-- Opening Marker --
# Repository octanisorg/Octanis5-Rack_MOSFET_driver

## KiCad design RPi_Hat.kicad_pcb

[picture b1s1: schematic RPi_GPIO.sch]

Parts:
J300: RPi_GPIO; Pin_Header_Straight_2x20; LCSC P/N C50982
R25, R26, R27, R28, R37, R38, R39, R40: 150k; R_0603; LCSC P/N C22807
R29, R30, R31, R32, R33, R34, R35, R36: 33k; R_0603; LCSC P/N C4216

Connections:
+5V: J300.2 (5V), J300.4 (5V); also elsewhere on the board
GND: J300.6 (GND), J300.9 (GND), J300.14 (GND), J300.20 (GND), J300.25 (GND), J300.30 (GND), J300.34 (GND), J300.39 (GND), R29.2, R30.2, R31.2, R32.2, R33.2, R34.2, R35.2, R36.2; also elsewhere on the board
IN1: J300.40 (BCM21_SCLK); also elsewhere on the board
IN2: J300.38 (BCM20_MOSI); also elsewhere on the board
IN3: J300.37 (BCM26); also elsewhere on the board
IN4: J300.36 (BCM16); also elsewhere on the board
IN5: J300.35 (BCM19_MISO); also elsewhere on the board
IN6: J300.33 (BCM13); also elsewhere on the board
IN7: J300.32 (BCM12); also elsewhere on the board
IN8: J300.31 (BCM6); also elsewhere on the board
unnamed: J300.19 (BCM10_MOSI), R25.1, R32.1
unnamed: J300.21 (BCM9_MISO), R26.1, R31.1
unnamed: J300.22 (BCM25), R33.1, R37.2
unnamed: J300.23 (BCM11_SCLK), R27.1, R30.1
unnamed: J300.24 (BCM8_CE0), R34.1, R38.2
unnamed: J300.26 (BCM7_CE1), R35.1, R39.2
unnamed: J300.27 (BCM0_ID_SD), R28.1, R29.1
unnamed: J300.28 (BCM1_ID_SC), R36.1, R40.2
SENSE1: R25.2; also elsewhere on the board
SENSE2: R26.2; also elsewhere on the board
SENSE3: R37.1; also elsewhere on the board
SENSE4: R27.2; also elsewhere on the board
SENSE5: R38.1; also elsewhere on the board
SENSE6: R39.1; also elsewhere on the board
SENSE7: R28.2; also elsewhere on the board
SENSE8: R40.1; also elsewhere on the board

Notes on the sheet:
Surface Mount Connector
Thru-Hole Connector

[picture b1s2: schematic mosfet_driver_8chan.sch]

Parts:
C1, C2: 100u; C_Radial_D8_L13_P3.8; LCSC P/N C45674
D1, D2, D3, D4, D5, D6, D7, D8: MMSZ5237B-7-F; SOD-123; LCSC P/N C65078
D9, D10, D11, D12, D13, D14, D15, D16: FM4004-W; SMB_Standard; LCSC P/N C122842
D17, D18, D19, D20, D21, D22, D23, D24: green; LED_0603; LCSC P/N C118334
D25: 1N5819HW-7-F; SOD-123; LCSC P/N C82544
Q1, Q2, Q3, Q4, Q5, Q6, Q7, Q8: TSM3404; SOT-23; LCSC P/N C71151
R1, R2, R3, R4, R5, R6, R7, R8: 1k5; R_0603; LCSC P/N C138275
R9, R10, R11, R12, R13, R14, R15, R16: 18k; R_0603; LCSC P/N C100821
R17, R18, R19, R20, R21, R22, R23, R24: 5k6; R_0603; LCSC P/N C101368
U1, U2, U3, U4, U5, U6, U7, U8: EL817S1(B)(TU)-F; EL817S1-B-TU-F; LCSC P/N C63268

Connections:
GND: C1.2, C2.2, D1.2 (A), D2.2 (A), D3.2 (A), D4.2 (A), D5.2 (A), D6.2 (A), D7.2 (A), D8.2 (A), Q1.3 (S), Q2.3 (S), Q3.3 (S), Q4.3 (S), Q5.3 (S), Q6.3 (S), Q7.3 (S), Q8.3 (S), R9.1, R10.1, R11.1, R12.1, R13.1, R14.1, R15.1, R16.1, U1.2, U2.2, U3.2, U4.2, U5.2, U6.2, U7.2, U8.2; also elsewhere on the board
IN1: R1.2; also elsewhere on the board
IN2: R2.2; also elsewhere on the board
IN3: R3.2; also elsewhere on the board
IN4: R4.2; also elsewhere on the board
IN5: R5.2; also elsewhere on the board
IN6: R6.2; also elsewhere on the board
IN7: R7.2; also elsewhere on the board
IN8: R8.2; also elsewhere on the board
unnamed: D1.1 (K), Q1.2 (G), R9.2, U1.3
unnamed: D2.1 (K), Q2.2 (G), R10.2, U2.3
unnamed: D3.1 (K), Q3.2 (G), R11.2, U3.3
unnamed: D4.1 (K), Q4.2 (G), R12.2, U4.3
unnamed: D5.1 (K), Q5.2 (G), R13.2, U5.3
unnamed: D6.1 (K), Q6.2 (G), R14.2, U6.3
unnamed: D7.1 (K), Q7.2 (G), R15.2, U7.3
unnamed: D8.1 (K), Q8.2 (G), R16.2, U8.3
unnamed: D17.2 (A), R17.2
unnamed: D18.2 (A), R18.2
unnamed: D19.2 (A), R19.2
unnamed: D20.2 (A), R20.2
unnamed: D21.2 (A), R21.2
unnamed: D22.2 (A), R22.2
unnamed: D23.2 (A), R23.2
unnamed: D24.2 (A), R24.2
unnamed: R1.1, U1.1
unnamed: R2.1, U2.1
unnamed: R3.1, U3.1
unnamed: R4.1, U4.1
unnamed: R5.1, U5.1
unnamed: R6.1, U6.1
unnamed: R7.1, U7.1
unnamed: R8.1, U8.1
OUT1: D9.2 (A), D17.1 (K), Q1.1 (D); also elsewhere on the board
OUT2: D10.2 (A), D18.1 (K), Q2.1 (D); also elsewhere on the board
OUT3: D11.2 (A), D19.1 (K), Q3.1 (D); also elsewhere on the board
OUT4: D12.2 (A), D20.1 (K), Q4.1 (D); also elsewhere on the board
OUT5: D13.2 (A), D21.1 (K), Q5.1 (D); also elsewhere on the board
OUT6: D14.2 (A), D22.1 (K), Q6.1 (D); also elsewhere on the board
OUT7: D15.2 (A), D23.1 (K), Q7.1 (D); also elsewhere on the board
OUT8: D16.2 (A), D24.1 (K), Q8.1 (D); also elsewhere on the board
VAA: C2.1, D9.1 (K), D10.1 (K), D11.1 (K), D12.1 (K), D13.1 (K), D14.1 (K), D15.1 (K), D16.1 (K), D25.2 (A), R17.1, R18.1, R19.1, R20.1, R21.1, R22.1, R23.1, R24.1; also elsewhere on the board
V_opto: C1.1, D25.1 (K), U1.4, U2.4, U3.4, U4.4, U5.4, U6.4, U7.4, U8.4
-- Closing Marker --
What needs to be done ::
After reading the data above, print it all again exactly.

Output ::
# Repository octanisorg/Octanis5-Rack_MOSFET_driver

## KiCad design RPi_Hat.kicad_pcb

[picture b1s1: schematic RPi_GPIO.sch]

Parts:
J300: RPi_GPIO; Pin_Header_Straight_2x20; LCSC P/N C50982
R25, R26, R27, R28, R37, R38, R39, R40: 150k; R_0603; LCSC P/N C22807
R29, R30, R31, R32, R33, R34, R35, R36: 33k; R_0603; LCSC P/N C4216

Connections:
+5V: J300.2 (5V), J300.4 (5V); also elsewhere on the board
GND: J300.6 (GND), J300.9 (GND), J300.14 (GND), J300.20 (GND), J300.25 (GND), J300.30 (GND), J300.34 (GND), J300.39 (GND), R29.2, R30.2, R31.2, R32.2, R33.2, R34.2, R35.2, R36.2; also elsewhere on the board
IN1: J300.40 (BCM21_SCLK); also elsewhere on the board
IN2: J300.38 (BCM20_MOSI); also elsewhere on the board
IN3: J300.37 (BCM26); also elsewhere on the board
IN4: J300.36 (BCM16); also elsewhere on the board
IN5: J300.35 (BCM19_MISO); also elsewhere on the board
IN6: J300.33 (BCM13); also elsewhere on the board
IN7: J300.32 (BCM12); also elsewhere on the board
IN8: J300.31 (BCM6); also elsewhere on the board
unnamed: J300.19 (BCM10_MOSI), R25.1, R32.1
unnamed: J300.21 (BCM9_MISO), R26.1, R31.1
unnamed: J300.22 (BCM25), R33.1, R37.2
unnamed: J300.23 (BCM11_SCLK), R27.1, R30.1
unnamed: J300.24 (BCM8_CE0), R34.1, R38.2
unnamed: J300.26 (BCM7_CE1), R35.1, R39.2
unnamed: J300.27 (BCM0_ID_SD), R28.1, R29.1
unnamed: J300.28 (BCM1_ID_SC), R36.1, R40.2
SENSE1: R25.2; also elsewhere on the board
SENSE2: R26.2; also elsewhere on the board
SENSE3: R37.1; also elsewhere on the board
SENSE4: R27.2; also elsewhere on the board
SENSE5: R38.1; also elsewhere on the board
SENSE6: R39.1; also elsewhere on the board
SENSE7: R28.2; also elsewhere on the board
SENSE8: R40.1; also elsewhere on the board

Notes on the sheet:
Surface Mount Connector
Thru-Hole Connector

[picture b1s2: schematic mosfet_driver_8chan.sch]

Parts:
C1, C2: 100u; C_Radial_D8_L13_P3.8; LCSC P/N C45674
D1, D2, D3, D4, D5, D6, D7, D8: MMSZ5237B-7-F; SOD-123; LCSC P/N C65078
D9, D10, D11, D12, D13, D14, D15, D16: FM4004-W; SMB_Standard; LCSC P/N C122842
D17, D18, D19, D20, D21, D22, D23, D24: green; LED_0603; LCSC P/N C118334
D25: 1N5819HW-7-F; SOD-123; LCSC P/N C82544
Q1, Q2, Q3, Q4, Q5, Q6, Q7, Q8: TSM3404; SOT-23; LCSC P/N C71151
R1, R2, R3, R4, R5, R6, R7, R8: 1k5; R_0603; LCSC P/N C138275
R9, R10, R11, R12, R13, R14, R15, R16: 18k; R_0603; LCSC P/N C100821
R17, R18, R19, R20, R21, R22, R23, R24: 5k6; R_0603; LCSC P/N C101368
U1, U2, U3, U4, U5, U6, U7, U8: EL817S1(B)(TU)-F; EL817S1-B-TU-F; LCSC P/N C63268

Connections:
GND: C1.2, C2.2, D1.2 (A), D2.2 (A), D3.2 (A), D4.2 (A), D5.2 (A), D6.2 (A), D7.2 (A), D8.2 (A), Q1.3 (S), Q2.3 (S), Q3.3 (S), Q4.3 (S), Q5.3 (S), Q6.3 (S), Q7.3 (S), Q8.3 (S), R9.1, R10.1, R11.1, R12.1, R13.1, R14.1, R15.1, R16.1, U1.2, U2.2, U3.2, U4.2, U5.2, U6.2, U7.2, U8.2; also elsewhere on the board
IN1: R1.2; also elsewhere on the board
IN2: R2.2; also elsewhere on the board
IN3: R3.2; also elsewhere on the board
IN4: R4.2; also elsewhere on the board
IN5: R5.2; also elsewhere on the board
IN6: R6.2; also elsewhere on the board
IN7: R7.2; also elsewhere on the board
IN8: R8.2; also elsewhere on the board
unnamed: D1.1 (K), Q1.2 (G), R9.2, U1.3
unnamed: D2.1 (K), Q2.2 (G), R10.2, U2.3
unnamed: D3.1 (K), Q3.2 (G), R11.2, U3.3
unnamed: D4.1 (K), Q4.2 (G), R12.2, U4.3
unnamed: D5.1 (K), Q5.2 (G), R13.2, U5.3
unnamed: D6.1 (K), Q6.2 (G), R14.2, U6.3
unnamed: D7.1 (K), Q7.2 (G), R15.2, U7.3
unnamed: D8.1 (K), Q8.2 (G), R16.2, U8.3
unnamed: D17.2 (A), R17.2
unnamed: D18.2 (A), R18.2
unnamed: D19.2 (A), R19.2
unnamed: D20.2 (A), R20.2
unnamed: D21.2 (A), R21.2
unnamed: D22.2 (A), R22.2
unnamed: D23.2 (A), R23.2
unnamed: D24.2 (A), R24.2
unnamed: R1.1, U1.1
unnamed: R2.1, U2.1
unnamed: R3.1, U3.1
unnamed: R4.1, U4.1
unnamed: R5.1, U5.1
unnamed: R6.1, U6.1
unnamed: R7.1, U7.1
unnamed: R8.1, U8.1
OUT1: D9.2 (A), D17.1 (K), Q1.1 (D); also elsewhere on the board
OUT2: D10.2 (A), D18.1 (K), Q2.1 (D); also elsewhere on the board
OUT3: D11.2 (A), D19.1 (K), Q3.1 (D); also elsewhere on the board
OUT4: D12.2 (A), D20.1 (K), Q4.1 (D); also elsewhere on the board
OUT5: D13.2 (A), D21.1 (K), Q5.1 (D); also elsewhere on the board
OUT6: D14.2 (A), D22.1 (K), Q6.1 (D); also elsewhere on the board
OUT7: D15.2 (A), D23.1 (K), Q7.1 (D); also elsewhere on the board
OUT8: D16.2 (A), D24.1 (K), Q8.1 (D); also elsewhere on the board
VAA: C2.1, D9.1 (K), D10.1 (K), D11.1 (K), D12.1 (K), D13.1 (K), D14.1 (K), D15.1 (K), D16.1 (K), D25.2 (A), R17.1, R18.1, R19.1, R20.1, R21.1, R22.1, R23.1, R24.1; also elsewhere on the board
V_opto: C1.1, D25.1 (K), U1.4, U2.4, U3.4, U4.4, U5.4, U6.4, U7.4, U8.4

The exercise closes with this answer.